2/01/2007

The Millennium Falcon, 1996-2007


This seemed like the best venue to announce the parting of myself and my much-loved, much-maligned minivan, The Millennium Falcon. Those of you who know me certainly knew her--that aging silver battle wagon, seatless in back, with a giant gash along her hindquarters where that bastard Brian Jessop hit her at the Shell Station in Everett.
What you may not know, however, is that before I inherited her, she was beautiful. I remember when she first came off the lot. I was a freshman in high school, and she glowed with a cool silver burnish that could only make me think of comic books. Her sounds system was advanced, her double doors were kicking, and, besides the fact that it was a minivan, I was head-over-heels in love.
Time passed. I left for college and returned. After a brief foray with a 1982 Volvo Wagon, the Millennium Falcon and I were joined irrevocably in the fall of 2003, when we drove across the country for my senior year of college. She was still so new that someone tried to get in her and drive her because they thought she was part of the college van fleet.
She could seat 7, had cupholders for all of them, and could actually go 108 miles per hour, which I think is pretty fast for a minivan. She towed a sailboat across the country with Karen and Nick and I. She took all my roommates to bowling. She once pulled Will Stetler's GMC Yukon out of the ditch. I could fit 9 whitewater kayaks on the custom roof rack She also got good gas mileage and did tolerably well with the ladies.
Still, she had her faults. Who doesn't? The horn, cruise control, door locks and alarm didn't work. Many of you who had the pleasure of riding in her remember "rave mode" when the lights, door locks, and beeper start going crazy and you have to warn people that are prone to seizures to be careful.

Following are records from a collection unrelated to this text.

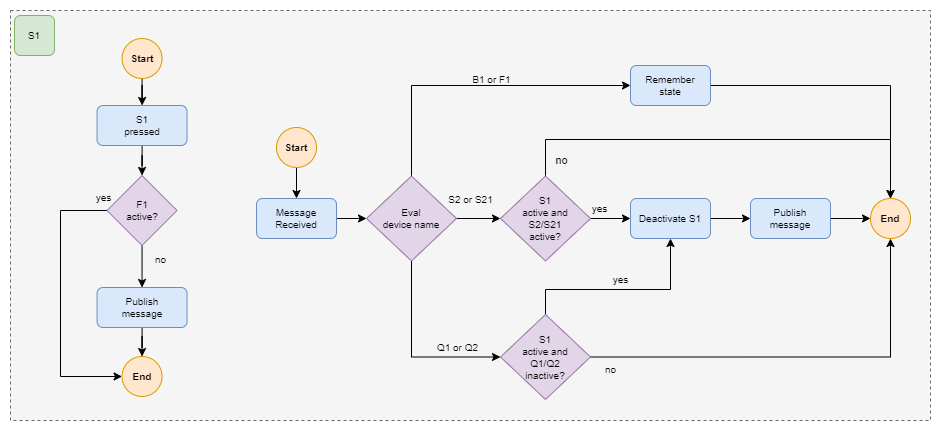

The diagram above was exported from draw.io. Its source (the exported page's mxGraphModel, read from the mxfile embedded in the PNG):
<mxGraphModel dx="1434" dy="731" grid="1" gridSize="10" guides="1" tooltips="1" connect="1" arrows="1" fold="1" page="1" pageScale="1" pageWidth="1169" pageHeight="827" math="0" shadow="0">
  <root>
    <mxCell id="0" />
    <mxCell id="1" parent="0" />
    <mxCell id="2" value="" style="rounded=0;whiteSpace=wrap;html=1;fillColor=#f5f5f5;fontColor=#333333;strokeColor=#666666;dashed=1;" vertex="1" parent="1">
      <mxGeometry x="560" y="41" width="920" height="410" as="geometry" />
    </mxCell>
    <mxCell id="3" style="edgeStyle=orthogonalEdgeStyle;rounded=0;orthogonalLoop=1;jettySize=auto;html=1;" edge="1" source="4" target="6" parent="1">
      <mxGeometry relative="1" as="geometry" />
    </mxCell>
    <mxCell id="4" value="Start" style="ellipse;whiteSpace=wrap;html=1;aspect=fixed;fillColor=#ffe6cc;strokeColor=#d79b00;fontSize=10;fontStyle=1" vertex="1" parent="1">
      <mxGeometry x="671.55" y="69" width="40" height="40" as="geometry" />
    </mxCell>
    <mxCell id="5" style="edgeStyle=orthogonalEdgeStyle;rounded=0;orthogonalLoop=1;jettySize=auto;html=1;entryX=0.5;entryY=0;entryDx=0;entryDy=0;" edge="1" source="6" target="10" parent="1">
      <mxGeometry relative="1" as="geometry" />
    </mxCell>
    <mxCell id="6" value="S1&lt;br style=&quot;font-size: 10px;&quot;&gt;pressed" style="rounded=1;whiteSpace=wrap;html=1;fillColor=#dae8fc;strokeColor=#6c8ebf;fontSize=10;" vertex="1" parent="1">
      <mxGeometry x="646.55" y="136" width="90" height="40" as="geometry" />
    </mxCell>
    <mxCell id="7" value="no" style="edgeStyle=orthogonalEdgeStyle;rounded=0;orthogonalLoop=1;jettySize=auto;html=1;labelBackgroundColor=none;fontSize=10;entryX=0.5;entryY=0;entryDx=0;entryDy=0;" edge="1" source="10" target="12" parent="1">
      <mxGeometry x="-0.3333" y="18" relative="1" as="geometry">
        <mxPoint as="offset" />
        <mxPoint x="760" y="241" as="targetPoint" />
      </mxGeometry>
    </mxCell>
    <mxCell id="8" style="edgeStyle=orthogonalEdgeStyle;rounded=0;orthogonalLoop=1;jettySize=auto;html=1;entryX=0;entryY=0.5;entryDx=0;entryDy=0;" edge="1" source="10" target="13" parent="1">
      <mxGeometry relative="1" as="geometry">
        <Array as="points">
          <mxPoint x="610" y="241" />
          <mxPoint x="610" y="407" />
        </Array>
        <mxPoint x="672" y="407" as="targetPoint" />
      </mxGeometry>
    </mxCell>
    <mxCell id="9" value="yes" style="edgeLabel;html=1;align=center;verticalAlign=middle;resizable=0;points=[];labelBackgroundColor=none;fontSize=10;" connectable="0" vertex="1" parent="8">
      <mxGeometry x="-0.8777" y="-2" relative="1" as="geometry">
        <mxPoint x="13" y="-12" as="offset" />
      </mxGeometry>
    </mxCell>
    <mxCell id="10" value="F1 &lt;br&gt;active?" style="rhombus;whiteSpace=wrap;html=1;fontSize=10;fillColor=#e1d5e7;strokeColor=#9673a6;" vertex="1" parent="1">
      <mxGeometry x="656.55" y="206" width="70" height="70" as="geometry" />
    </mxCell>
    <mxCell id="11" style="edgeStyle=orthogonalEdgeStyle;rounded=0;orthogonalLoop=1;jettySize=auto;html=1;entryX=0.5;entryY=0;entryDx=0;entryDy=0;" edge="1" source="12" target="13" parent="1">
      <mxGeometry relative="1" as="geometry" />
    </mxCell>
    <mxCell id="12" value="Publish &lt;br&gt;message" style="rounded=1;whiteSpace=wrap;html=1;fillColor=#dae8fc;strokeColor=#6c8ebf;fontSize=10;" vertex="1" parent="1">
      <mxGeometry x="646.55" y="318" width="90" height="40" as="geometry" />
    </mxCell>
    <mxCell id="13" value="End" style="ellipse;whiteSpace=wrap;html=1;aspect=fixed;fillColor=#ffe6cc;strokeColor=#d79b00;fontSize=10;fontStyle=1" vertex="1" parent="1">
      <mxGeometry x="671.55" y="387" width="40" height="40" as="geometry" />
    </mxCell>
    <mxCell id="14" style="edgeStyle=orthogonalEdgeStyle;rounded=0;orthogonalLoop=1;jettySize=auto;html=1;entryX=0.5;entryY=0;entryDx=0;entryDy=0;fontSize=10;" edge="1" source="15" target="17" parent="1">
      <mxGeometry relative="1" as="geometry" />
    </mxCell>
    <mxCell id="15" value="Start" style="ellipse;whiteSpace=wrap;html=1;aspect=fixed;fillColor=#ffe6cc;strokeColor=#d79b00;fontSize=10;fontStyle=1" vertex="1" parent="1">
      <mxGeometry x="826" y="158" width="40" height="40" as="geometry" />
    </mxCell>
    <mxCell id="16" style="edgeStyle=orthogonalEdgeStyle;rounded=0;orthogonalLoop=1;jettySize=auto;html=1;entryX=0;entryY=0.5;entryDx=0;entryDy=0;fontSize=10;" edge="1" source="17" target="22" parent="1">
      <mxGeometry relative="1" as="geometry" />
    </mxCell>
    <mxCell id="17" value="Message &lt;br style=&quot;font-size: 10px;&quot;&gt;Received" style="rounded=1;whiteSpace=wrap;html=1;fillColor=#dae8fc;strokeColor=#6c8ebf;fontSize=10;" vertex="1" parent="1">
      <mxGeometry x="806" y="229" width="80" height="40" as="geometry" />
    </mxCell>
    <mxCell id="18" value="Q1 or Q2" style="edgeStyle=orthogonalEdgeStyle;rounded=0;orthogonalLoop=1;jettySize=auto;html=1;entryX=0;entryY=0.5;entryDx=0;entryDy=0;labelBackgroundColor=none;fontSize=10;" edge="1" source="22" target="28" parent="1">
      <mxGeometry x="0.5335" y="10" relative="1" as="geometry">
        <Array as="points">
          <mxPoint x="961" y="388" />
        </Array>
        <mxPoint as="offset" />
      </mxGeometry>
    </mxCell>
    <mxCell id="19" style="edgeStyle=orthogonalEdgeStyle;rounded=0;orthogonalLoop=1;jettySize=auto;html=1;entryX=0;entryY=0.5;entryDx=0;entryDy=0;fontSize=10;exitX=0.5;exitY=0;exitDx=0;exitDy=0;" edge="1" source="22" target="24" parent="1">
      <mxGeometry relative="1" as="geometry" />
    </mxCell>
    <mxCell id="20" value="B1 or F1" style="edgeLabel;html=1;align=center;verticalAlign=middle;resizable=0;points=[];labelBackgroundColor=none;fontSize=10;" connectable="0" vertex="1" parent="19">
      <mxGeometry x="0.0697" y="-3" relative="1" as="geometry">
        <mxPoint x="4" y="-10" as="offset" />
      </mxGeometry>
    </mxCell>
    <mxCell id="21" value="S2 or S21" style="edgeStyle=orthogonalEdgeStyle;rounded=0;orthogonalLoop=1;jettySize=auto;html=1;fontSize=10;labelBackgroundColor=none;" edge="1" source="22" target="34" parent="1">
      <mxGeometry x="-0.3506" y="19" relative="1" as="geometry">
        <mxPoint as="offset" />
      </mxGeometry>
    </mxCell>
    <mxCell id="22" value="Eval &lt;br style=&quot;font-size: 10px;&quot;&gt;device name&lt;br style=&quot;font-size: 10px;&quot;&gt;" style="rhombus;whiteSpace=wrap;html=1;fontSize=10;fillColor=#e1d5e7;strokeColor=#9673a6;" vertex="1" parent="1">
      <mxGeometry x="916" y="206.5" width="90" height="85" as="geometry" />
    </mxCell>
    <mxCell id="23" style="edgeStyle=orthogonalEdgeStyle;rounded=0;orthogonalLoop=1;jettySize=auto;html=1;entryX=0.5;entryY=0;entryDx=0;entryDy=0;fontSize=10;exitX=1;exitY=0.5;exitDx=0;exitDy=0;" edge="1" source="24" target="29" parent="1">
      <mxGeometry relative="1" as="geometry">
        <Array as="points">
          <mxPoint x="1440" y="116" />
        </Array>
      </mxGeometry>
    </mxCell>
    <mxCell id="24" value="Remember &lt;br style=&quot;font-size: 10px;&quot;&gt;state" style="rounded=1;whiteSpace=wrap;html=1;fillColor=#dae8fc;strokeColor=#6c8ebf;fontSize=10;" vertex="1" parent="1">
      <mxGeometry x="1180" y="96" width="80" height="40" as="geometry" />
    </mxCell>
    <mxCell id="25" style="edgeStyle=orthogonalEdgeStyle;rounded=0;orthogonalLoop=1;jettySize=auto;html=1;entryX=0.5;entryY=1;entryDx=0;entryDy=0;fontSize=10;" edge="1" source="28" target="29" parent="1">
      <mxGeometry relative="1" as="geometry" />
    </mxCell>
    <mxCell id="26" value="no" style="edgeLabel;html=1;align=center;verticalAlign=middle;resizable=0;points=[];fontSize=10;labelBackgroundColor=none;" connectable="0" vertex="1" parent="25">
      <mxGeometry x="-0.718" y="1" relative="1" as="geometry">
        <mxPoint x="-40" y="13" as="offset" />
      </mxGeometry>
    </mxCell>
    <mxCell id="27" value="yes" style="edgeStyle=orthogonalEdgeStyle;rounded=0;orthogonalLoop=1;jettySize=auto;html=1;fontSize=10;entryX=0.5;entryY=1;entryDx=0;entryDy=0;labelBackgroundColor=none;" edge="1" source="28" target="36" parent="1">
      <mxGeometry x="-0.0045" y="10" relative="1" as="geometry">
        <mxPoint x="1166" y="320" as="targetPoint" />
        <Array as="points">
          <mxPoint x="1095" y="320" />
          <mxPoint x="1220" y="320" />
        </Array>
        <mxPoint as="offset" />
      </mxGeometry>
    </mxCell>
    <mxCell id="28" value="S1 &lt;br style=&quot;font-size: 10px;&quot;&gt;active and &lt;br style=&quot;font-size: 10px;&quot;&gt;Q1/Q2 &lt;br style=&quot;font-size: 10px;&quot;&gt;inactive?" style="rhombus;whiteSpace=wrap;html=1;fontSize=10;fillColor=#e1d5e7;strokeColor=#9673a6;" vertex="1" parent="1">
      <mxGeometry x="1050" y="345" width="90" height="85" as="geometry" />
    </mxCell>
    <mxCell id="29" value="End" style="ellipse;whiteSpace=wrap;html=1;aspect=fixed;fillColor=#ffe6cc;strokeColor=#d79b00;fontSize=10;fontStyle=1" vertex="1" parent="1">
      <mxGeometry x="1420" y="229" width="40" height="40" as="geometry" />
    </mxCell>
    <mxCell id="30" value="S1" style="rounded=1;whiteSpace=wrap;html=1;fontSize=10;fillColor=#d5e8d4;strokeColor=#82b366;" vertex="1" parent="1">
      <mxGeometry x="564" y="46" width="40" height="40" as="geometry" />
    </mxCell>
    <mxCell id="31" value="yes" style="edgeStyle=orthogonalEdgeStyle;rounded=0;orthogonalLoop=1;jettySize=auto;html=1;entryX=0;entryY=0.5;entryDx=0;entryDy=0;fontSize=10;labelBackgroundColor=none;" edge="1" source="34" target="36" parent="1">
      <mxGeometry x="-0.5447" y="10" relative="1" as="geometry">
        <mxPoint as="offset" />
      </mxGeometry>
    </mxCell>
    <mxCell id="32" style="edgeStyle=orthogonalEdgeStyle;rounded=0;orthogonalLoop=1;jettySize=auto;html=1;entryX=0.5;entryY=0;entryDx=0;entryDy=0;" edge="1" source="34" target="29" parent="1">
      <mxGeometry relative="1" as="geometry">
        <Array as="points">
          <mxPoint x="1095" y="170" />
          <mxPoint x="1440" y="170" />
        </Array>
      </mxGeometry>
    </mxCell>
    <mxCell id="33" value="no" style="edgeLabel;html=1;align=center;verticalAlign=middle;resizable=0;points=[];labelBackgroundColor=none;" connectable="0" vertex="1" parent="32">
      <mxGeometry x="-0.4886" relative="1" as="geometry">
        <mxPoint x="-61" y="20" as="offset" />
      </mxGeometry>
    </mxCell>
    <mxCell id="34" value="S1 &lt;br&gt;active and &lt;br&gt;S2/S21 &lt;br style=&quot;font-size: 10px;&quot;&gt;active?" style="rhombus;whiteSpace=wrap;html=1;fontSize=10;fillColor=#e1d5e7;strokeColor=#9673a6;" vertex="1" parent="1">
      <mxGeometry x="1050" y="206.5" width="90" height="85" as="geometry" />
    </mxCell>
    <mxCell id="35" style="edgeStyle=orthogonalEdgeStyle;rounded=0;orthogonalLoop=1;jettySize=auto;html=1;entryX=0;entryY=0.5;entryDx=0;entryDy=0;fontSize=10;" edge="1" source="36" target="38" parent="1">
      <mxGeometry relative="1" as="geometry" />
    </mxCell>
    <mxCell id="36" value="Deactivate S1" style="rounded=1;whiteSpace=wrap;html=1;fillColor=#dae8fc;strokeColor=#6c8ebf;fontSize=10;" vertex="1" parent="1">
      <mxGeometry x="1180" y="229" width="80" height="40" as="geometry" />
    </mxCell>
    <mxCell id="37" style="edgeStyle=orthogonalEdgeStyle;rounded=0;orthogonalLoop=1;jettySize=auto;html=1;entryX=0;entryY=0.5;entryDx=0;entryDy=0;fontSize=10;" edge="1" source="38" target="29" parent="1">
      <mxGeometry relative="1" as="geometry" />
    </mxCell>
    <mxCell id="38" value="Publish &lt;br style=&quot;font-size: 10px;&quot;&gt;message" style="rounded=1;whiteSpace=wrap;html=1;fillColor=#dae8fc;strokeColor=#6c8ebf;fontSize=10;" vertex="1" parent="1">
      <mxGeometry x="1300" y="229" width="80" height="40" as="geometry" />
    </mxCell>
  </root>
</mxGraphModel>

Also, oddly enough, people were fairly able to intuit that the van had once belonged to my mommy, and sometimes I enjoyed some good natured ribbing (no doubt out of jealousy) for my ability to take half a soccer team, a water cooler, and snacks for halftime in my day-to-day commuter vehicle.
All that, good and bad, are over now. Juan, a fine upstanding man from Renton, has purchased the minivan for his wife. I imagine the Millennium Falcon being relieved at finally being able to carry babies around, and, when they get older, maybe take them to soccer games. Its like C-3P0 finally getting put in for some protocol duties instead of space battles.
So farewell, you beautiful silver escape pod of domesticity. You've towed my boats, endured my cigarette smoke, let me sleep in your roomy interior, brushed off the occasional coffee stain and brutal bashing by that bastard Brian Jessop, and, most importantly, won my many thanks


Fly free sweet silver bird! Fly Free!